Information supplied section start

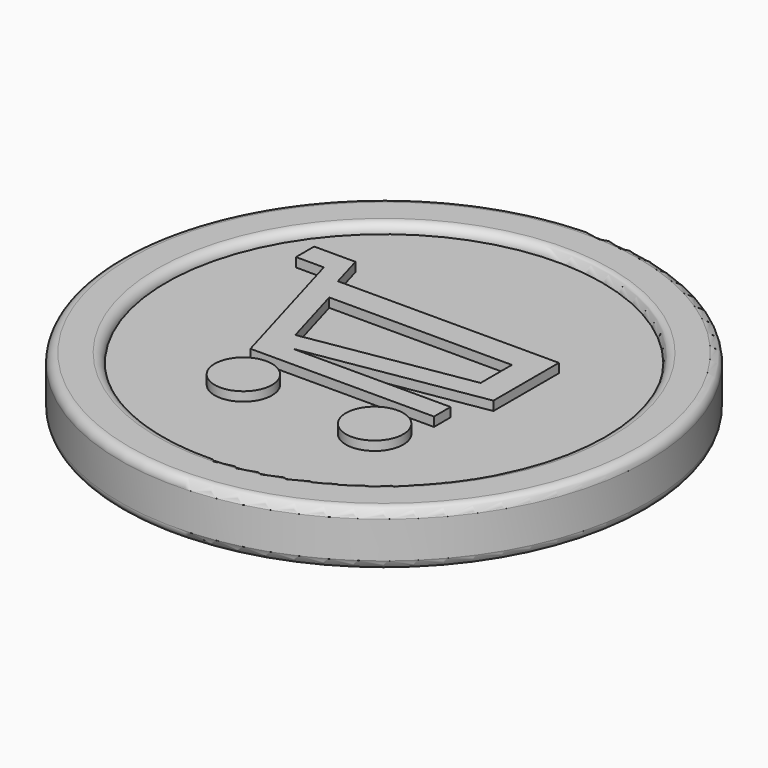
from build123d import *

# Parameters (mm, degrees)
F0_R     = 11.5
F1_DEPTH = 2
F2_R     = 11.5
F2_R_2   = 9.5
F3_DEPTH = 0.4
F4_R     = 1.25
F5_DEPTH = 0.4
F6_R     = 0.39999


# Not quite as in the source:
# - a fillet or chamfer is up to 0.001 mm smaller than in the source, because OpenCascade refuses the exact size


with BuildPart() as f1:
    # F0 (on Top) → F1 (new body)
    with BuildSketch(Plane.XY):
        Circle(F0_R)
    extrude(amount=F1_DEPTH)

    # F2 (on face) → F3 (join)
    with BuildSketch(Plane.XY.offset(2)):
        Circle(F2_R)
        Circle(F2_R_2, mode=Mode.SUBTRACT)
    extrude(amount=F3_DEPTH)

    # F4 (on face) → F5 (join)
    with BuildSketch(Plane.XY.offset(2)):
        Polygon((-4.9462847407, 4.6223603384), (-6.7446869929, 4.6223603384), (-6.7446869929, 3.631329312), (-5.5307656769, 3.631329312), (-3.7330235863, -2.611553217), (4.2630984261, -2.611553217), (4.2630984261, -1.7084874132), (-2.6016419292, -1.7084874132), (5.1088749777, -0.4323172916), (5.1088749777, 3.1326496529), (-4.5172977159, 3.1326496529), align=None)
        Polygon((-3.1724679652, -0.8662961763), (-4.0021237171, 2.0147863915), (3.9558067254, 2.0147863915), (3.9558067254, 0.3135068497), align=None, mode=Mode.SUBTRACT)
        with Locations((-2.7432420498, -4.2344009733)):
            Circle(F4_R)
        with Locations((3.0116447943, -4.2793590558)):
            Circle(F4_R)
    extrude(amount=F5_DEPTH)

    # F6 (radius 0.4 in the source; OpenCascade refuses exactly that, so slightly less here)
    f6_edges = [f1.edges().sort_by_distance(p)[0] for p in [
        (-11.5, 0, 2.4),
        (-9.5, 0, 2.4),
        (-11.5, 0, 0),
    ]]
    fillet(f6_edges, radius=F6_R)


solid = f1.part

Information supplied section end

▸ **Task item**: Everything in the entries above should be returned exactly, apart from the pictures.

▸ **Exercise solution**:
from build123d import *

# Parameters (mm, degrees)
F0_R     = 11.5
F1_DEPTH = 2
F2_R     = 11.5
F2_R_2   = 9.5
F3_DEPTH = 0.4
F4_R     = 1.25
F5_DEPTH = 0.4
F6_R     = 0.39999


# Not quite as in the source:
# - a fillet or chamfer is up to 0.001 mm smaller than in the source, because OpenCascade refuses the exact size


with BuildPart() as f1:
    # F0 (on Top) → F1 (new body)
    with BuildSketch(Plane.XY):
        Circle(F0_R)
    extrude(amount=F1_DEPTH)

    # F2 (on face) → F3 (join)
    with BuildSketch(Plane.XY.offset(2)):
        Circle(F2_R)
        Circle(F2_R_2, mode=Mode.SUBTRACT)
    extrude(amount=F3_DEPTH)

    # F4 (on face) → F5 (join)
    with BuildSketch(Plane.XY.offset(2)):
        Polygon((-4.9462847407, 4.6223603384), (-6.7446869929, 4.6223603384), (-6.7446869929, 3.631329312), (-5.5307656769, 3.631329312), (-3.7330235863, -2.611553217), (4.2630984261, -2.611553217), (4.2630984261, -1.7084874132), (-2.6016419292, -1.7084874132), (5.1088749777, -0.4323172916), (5.1088749777, 3.1326496529), (-4.5172977159, 3.1326496529), align=None)
        Polygon((-3.1724679652, -0.8662961763), (-4.0021237171, 2.0147863915), (3.9558067254, 2.0147863915), (3.9558067254, 0.3135068497), align=None, mode=Mode.SUBTRACT)
        with Locations((-2.7432420498, -4.2344009733)):
            Circle(F4_R)
        with Locations((3.0116447943, -4.2793590558)):
            Circle(F4_R)
    extrude(amount=F5_DEPTH)

    # F6 (radius 0.4 in the source; OpenCascade refuses exactly that, so slightly less here)
    f6_edges = [f1.edges().sort_by_distance(p)[0] for p in [
        (-11.5, 0, 2.4),
        (-9.5, 0, 2.4),
        (-11.5, 0, 0),
    ]]
    fillet(f6_edges, radius=F6_R)


solid = f1.part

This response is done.